With cyber-threats continuing to evolve, organisations need to remain in the fight in 2021
Article by ThreatQuotient senior vice president of strategy Jonathan Couch.
2020 is the year organisations, businesses, governments and everyday internet users confronted the reality that doing the bare minimum when it came to cybersecurity was never enough.
To cyber-criminals, no organisation or user is off-limits. Sophisticated cyber-criminals will target larger companies with a larger buyout, while less sophisticated cyber-criminals can just as easily target average users and syphon hundreds of dollars, depending on the value of the files encrypted.
Experts have discussed how security operations teams need to be more proactive and less reactive to improve agility, and that SecOps needs to adapt faster than the threats they are facing.
As the threat landscape continues to grow and evolve, this is one of those things that may never happen. But this doesn’t mean all is lost — teams can make improvements in 2021 by having a more comprehensive understanding of the threats that are out there and defining how they conduct operations to offer flexibility to adapt better. Response teams should know the risk and understand what they are trying to fight and be able to adapt.
An alternative approach to ‘people, process, and technology’ is to look at SecOps as data, systems, and people. Two ‘systems’ markets that can help SecOps teams with their agility are Security, Orchestration, Automation and Response (SOAR) and Extended Detection and Response (XDR).
Both of these markets are still being defined, but at their core, they bring in automation (SOAR), so organisations can adapt quicker, and systems and data awareness (XDR) so everyone knows what threats they are trying to fight.
It’s not a new concept, but adversaries always go for what is easy — why change if it’s working? As organisations advance their response efforts to keep up, adversaries will also adapt and change their tactics to regain the advantage. This happened over the past year with the influx of COVID-19-related breaches, with cyber-criminals taking advantage of vulnerable organisations settling into the new remote working situation, which exposed broader areas of attack.
In 2021, organisations will get serious and more proactive in their cybersecurity response by shoring up defences and awareness around phishing, backups (offsite and encrypted), and cyber insurance.
Malware itself is becoming more specialised and modular. BlackEnergy and Emotet are two great examples, both started as banking malware, and both have since evolved into more modular malware where the code has one or two basic functions: infection and then propagation to other users/hosts.
Once installed, the malware can be instructed to download other modules depending on the target and the end goals of the adversary. It is ‘plug and play hacking’ at its best.
Emotet first started in 2014, with its first versions focused as a credential theft trojan, collecting usernames and passwords (mostly banking-related) and spreading via email. By 2017, it had adapted and grown substantially, becoming more modular, allowing for plug-ins, rather than limited built-in capabilities.

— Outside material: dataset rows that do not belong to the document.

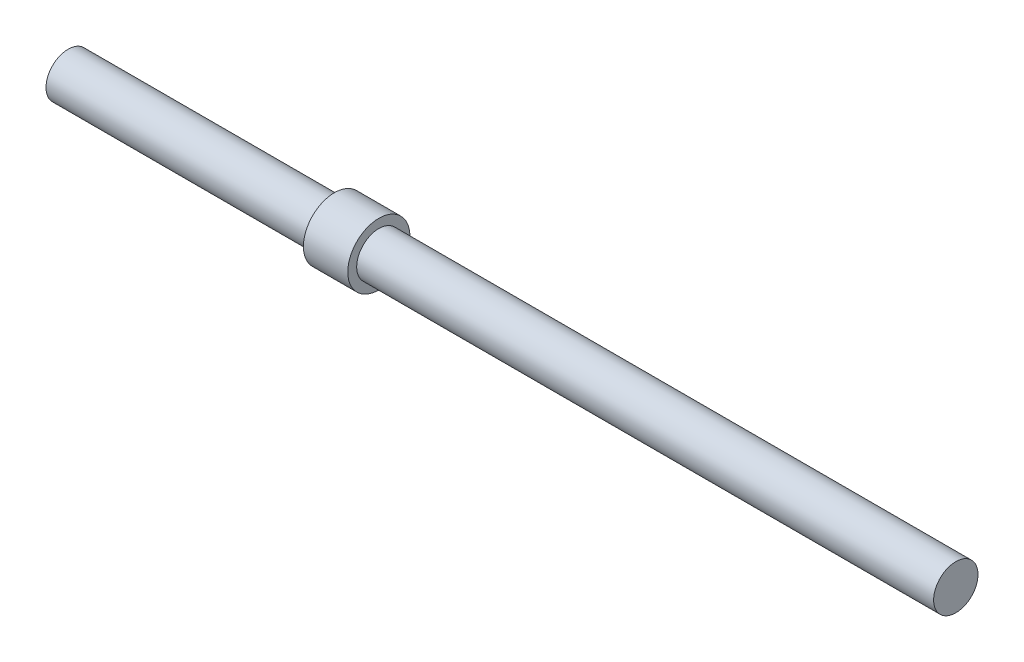
ISO-10303-21;
HEADER;
FILE_DESCRIPTION(('STEP AP214'),'2;1');
FILE_NAME('part.step','',(''),(''),'','','');
FILE_SCHEMA(('AUTOMOTIVE_DESIGN { 1 0 10303 214 1 1 1 1 }'));
ENDSEC;
DATA;
#1=APPLICATION_CONTEXT('core data for automotive mechanical design processes');
#2=APPLICATION_PROTOCOL_DEFINITION('international standard','automotive_design',2000,#1);
#3=PRODUCT_CONTEXT('',#1,'mechanical');
#4=PRODUCT('Part','Part','',(#3));
#5=PRODUCT_RELATED_PRODUCT_CATEGORY('part','',(#4));
#6=PRODUCT_DEFINITION_FORMATION('','',#4);
#7=PRODUCT_DEFINITION_CONTEXT('part definition',#1,'design');
#8=PRODUCT_DEFINITION('design','',#6,#7);
#9=PRODUCT_DEFINITION_SHAPE('','',#8);
#10=(LENGTH_UNIT() NAMED_UNIT(*) SI_UNIT(.MILLI.,.METRE.));
#11=(NAMED_UNIT(*) PLANE_ANGLE_UNIT() SI_UNIT($,.RADIAN.));
#12=(NAMED_UNIT(*) SI_UNIT($,.STERADIAN.) SOLID_ANGLE_UNIT());
#13=UNCERTAINTY_MEASURE_WITH_UNIT(LENGTH_MEASURE(1.E-05),#10,'distance_accuracy_value','');
#14=(GEOMETRIC_REPRESENTATION_CONTEXT(3) GLOBAL_UNCERTAINTY_ASSIGNED_CONTEXT((#13)) GLOBAL_UNIT_ASSIGNED_CONTEXT((#10,
#11,#12)) REPRESENTATION_CONTEXT('',''));
#15=CARTESIAN_POINT('',(0.,0.,0.));
#16=DIRECTION('',(0.,0.,1.));
#17=DIRECTION('',(1.,0.,0.));
#18=AXIS2_PLACEMENT_3D('',#15,#16,#17);
#19=CARTESIAN_POINT('',(100.,0.,0.));
#20=DIRECTION('',(-1.,0.,0.));
#21=DIRECTION('',(0.,0.,1.));
#22=AXIS2_PLACEMENT_3D('',#19,#20,#21);
#23=CYLINDRICAL_SURFACE('',#22,5.);
#24=CARTESIAN_POINT('',(-40.,0.,0.));
#25=DIRECTION('',(-1.,0.,0.));
#26=DIRECTION('',(0.,0.,1.));
#27=AXIS2_PLACEMENT_3D('',#24,#25,#26);
#28=CIRCLE('',#27,5.);
#29=CARTESIAN_POINT('',(-40.,0.,5.));
#30=VERTEX_POINT('',#29);
#31=EDGE_CURVE('E37',#30,#30,#28,.T.);
#32=ORIENTED_EDGE('',*,*,#31,.T.);
#33=EDGE_LOOP('',(#32));
#34=FACE_BOUND('',#33,.T.);
#35=CARTESIAN_POINT('',(-100.,0.,0.));
#36=DIRECTION('',(1.,0.,0.));
#37=DIRECTION('',(0.,0.,-1.));
#38=AXIS2_PLACEMENT_3D('',#35,#36,#37);
#39=CIRCLE('',#38,5.);
#40=CARTESIAN_POINT('',(-100.,0.,-5.));
#41=VERTEX_POINT('',#40);
#42=EDGE_CURVE('E48',#41,#41,#39,.T.);
#43=ORIENTED_EDGE('',*,*,#42,.T.);
#44=EDGE_LOOP('',(#43));
#45=FACE_BOUND('',#44,.T.);
#46=ADVANCED_FACE('F40',(#34,#45),#23,.T.);
#47=CARTESIAN_POINT('',(-100.,0.,0.));
#48=DIRECTION('',(1.,0.,0.));
#49=DIRECTION('',(0.,0.,-1.));
#50=AXIS2_PLACEMENT_3D('',#47,#48,#49);
#51=PLANE('',#50);
#52=ORIENTED_EDGE('',*,*,#42,.F.);
#53=EDGE_LOOP('',(#52));
#54=FACE_BOUND('',#53,.T.);
#55=ADVANCED_FACE('F78',(#54),#51,.F.);
#56=CARTESIAN_POINT('',(-40.,0.,0.));
#57=DIRECTION('',(1.,0.,0.));
#58=DIRECTION('',(0.,0.,-1.));
#59=AXIS2_PLACEMENT_3D('',#56,#57,#58);
#60=CYLINDRICAL_SURFACE('',#59,7.);
#61=CARTESIAN_POINT('',(-40.,0.,0.));
#62=DIRECTION('',(-1.,0.,0.));
#63=DIRECTION('',(0.,0.,1.));
#64=AXIS2_PLACEMENT_3D('',#61,#62,#63);
#65=CIRCLE('',#64,7.);
#66=CARTESIAN_POINT('',(-40.,0.,7.));
#67=VERTEX_POINT('',#66);
#68=EDGE_CURVE('E57',#67,#67,#65,.T.);
#69=ORIENTED_EDGE('',*,*,#68,.F.);
#70=EDGE_LOOP('',(#69));
#71=FACE_BOUND('',#70,.T.);
#72=CARTESIAN_POINT('',(-30.,0.,0.));
#73=DIRECTION('',(-1.,0.,0.));
#74=DIRECTION('',(0.,0.,1.));
#75=AXIS2_PLACEMENT_3D('',#72,#73,#74);
#76=CIRCLE('',#75,7.);
#77=CARTESIAN_POINT('',(-30.,0.,7.));
#78=VERTEX_POINT('',#77);
#79=EDGE_CURVE('E52',#78,#78,#76,.T.);
#80=ORIENTED_EDGE('',*,*,#79,.T.);
#81=EDGE_LOOP('',(#80));
#82=FACE_BOUND('',#81,.T.);
#83=ADVANCED_FACE('F66',(#71,#82),#60,.T.);
#84=CARTESIAN_POINT('',(-40.,0.,0.));
#85=DIRECTION('',(-1.,0.,0.));
#86=DIRECTION('',(0.,0.,1.));
#87=AXIS2_PLACEMENT_3D('',#84,#85,#86);
#88=PLANE('',#87);
#89=ORIENTED_EDGE('',*,*,#31,.F.);
#90=EDGE_LOOP('',(#89));
#91=FACE_BOUND('',#90,.T.);
#92=ORIENTED_EDGE('',*,*,#68,.T.);
#93=EDGE_LOOP('',(#92));
#94=FACE_BOUND('',#93,.T.);
#95=ADVANCED_FACE('F64',(#91,#94),#88,.T.);
#96=CARTESIAN_POINT('',(-30.,0.,0.));
#97=DIRECTION('',(-1.,0.,0.));
#98=DIRECTION('',(0.,0.,1.));
#99=AXIS2_PLACEMENT_3D('',#96,#97,#98);
#100=PLANE('',#99);
#101=CARTESIAN_POINT('',(-30.,0.,0.));
#102=DIRECTION('',(-1.,0.,0.));
#103=DIRECTION('',(0.,0.,1.));
#104=AXIS2_PLACEMENT_3D('',#101,#102,#103);
#105=CIRCLE('',#104,5.);
#106=CARTESIAN_POINT('',(-30.,0.,5.));
#107=VERTEX_POINT('',#106);
#108=EDGE_CURVE('E10',#107,#107,#105,.T.);
#109=ORIENTED_EDGE('',*,*,#108,.T.);
#110=EDGE_LOOP('',(#109));
#111=FACE_BOUND('',#110,.T.);
#112=ORIENTED_EDGE('',*,*,#79,.F.);
#113=EDGE_LOOP('',(#112));
#114=FACE_BOUND('',#113,.T.);
#115=ADVANCED_FACE('F70',(#111,#114),#100,.F.);
#116=CARTESIAN_POINT('',(100.,0.,0.));
#117=DIRECTION('',(1.,0.,0.));
#118=DIRECTION('',(0.,0.,-1.));
#119=AXIS2_PLACEMENT_3D('',#116,#117,#118);
#120=PLANE('',#119);
#121=CARTESIAN_POINT('',(100.,0.,0.));
#122=DIRECTION('',(1.,0.,0.));
#123=DIRECTION('',(0.,0.,-1.));
#124=AXIS2_PLACEMENT_3D('',#121,#122,#123);
#125=CIRCLE('',#124,5.);
#126=CARTESIAN_POINT('',(100.,0.,-5.));
#127=VERTEX_POINT('',#126);
#128=EDGE_CURVE('E42',#127,#127,#125,.T.);
#129=ORIENTED_EDGE('',*,*,#128,.T.);
#130=EDGE_LOOP('',(#129));
#131=FACE_BOUND('',#130,.T.);
#132=ADVANCED_FACE('F72',(#131),#120,.T.);
#133=ORIENTED_EDGE('',*,*,#128,.F.);
#134=EDGE_LOOP('',(#133));
#135=FACE_BOUND('',#134,.T.);
#136=ORIENTED_EDGE('',*,*,#108,.F.);
#137=EDGE_LOOP('',(#136));
#138=FACE_BOUND('',#137,.T.);
#139=ADVANCED_FACE('F79',(#135,#138),#23,.T.);
#140=CLOSED_SHELL('',(#46,#55,#83,#95,#115,#132,#139));
#141=MANIFOLD_SOLID_BREP('B2',#140);
#142=ADVANCED_BREP_SHAPE_REPRESENTATION('',(#18,#141),#14);
#143=SHAPE_DEFINITION_REPRESENTATION(#9,#142);
ENDSEC;
END-ISO-10303-21;

All kinds of malware and trojans can now leverage Emotet spam capabilities to spread and then download secondary malware packages for specific functions.
In 2018, Emotet was observed collecting emails and metadata from infected systems. It is possible this was the beginning of the growth into the current spreading we see today where Emotet looks at inboxes, finds conversation threads and uses replies to those threads to infect other users (at which point, the secondary malware payloads, like TrickBot, are downloaded).
Modular malware like Emotet is the future of cyber campaigns. Many nation-state attacks have leveraged modular design so they can use a single tool for initial infection and then download whatever other capabilities they need to attack the target.
This modular update has allowed Emotet to now be used for ransomware distribution, in addition to banking credential theft. Attackers are setting themselves up for access to a variety of systems: personal, business, and government. Because the malware is now modular, attackers can target specific capabilities of specific victims to maximise their financial results.
Organisations need to stay updated on threat intelligence and streamline IOCs and signatures into their defensive technology stack, as quickly as possible, to try and block or detect malicious activity before the adversary has time to ransom their files.
While adversaries will continue to advance, SOAR and XDR technologies will evolve and mature in 2021, giving teams of all maturity levels the data, systems and people they need to align and be agile.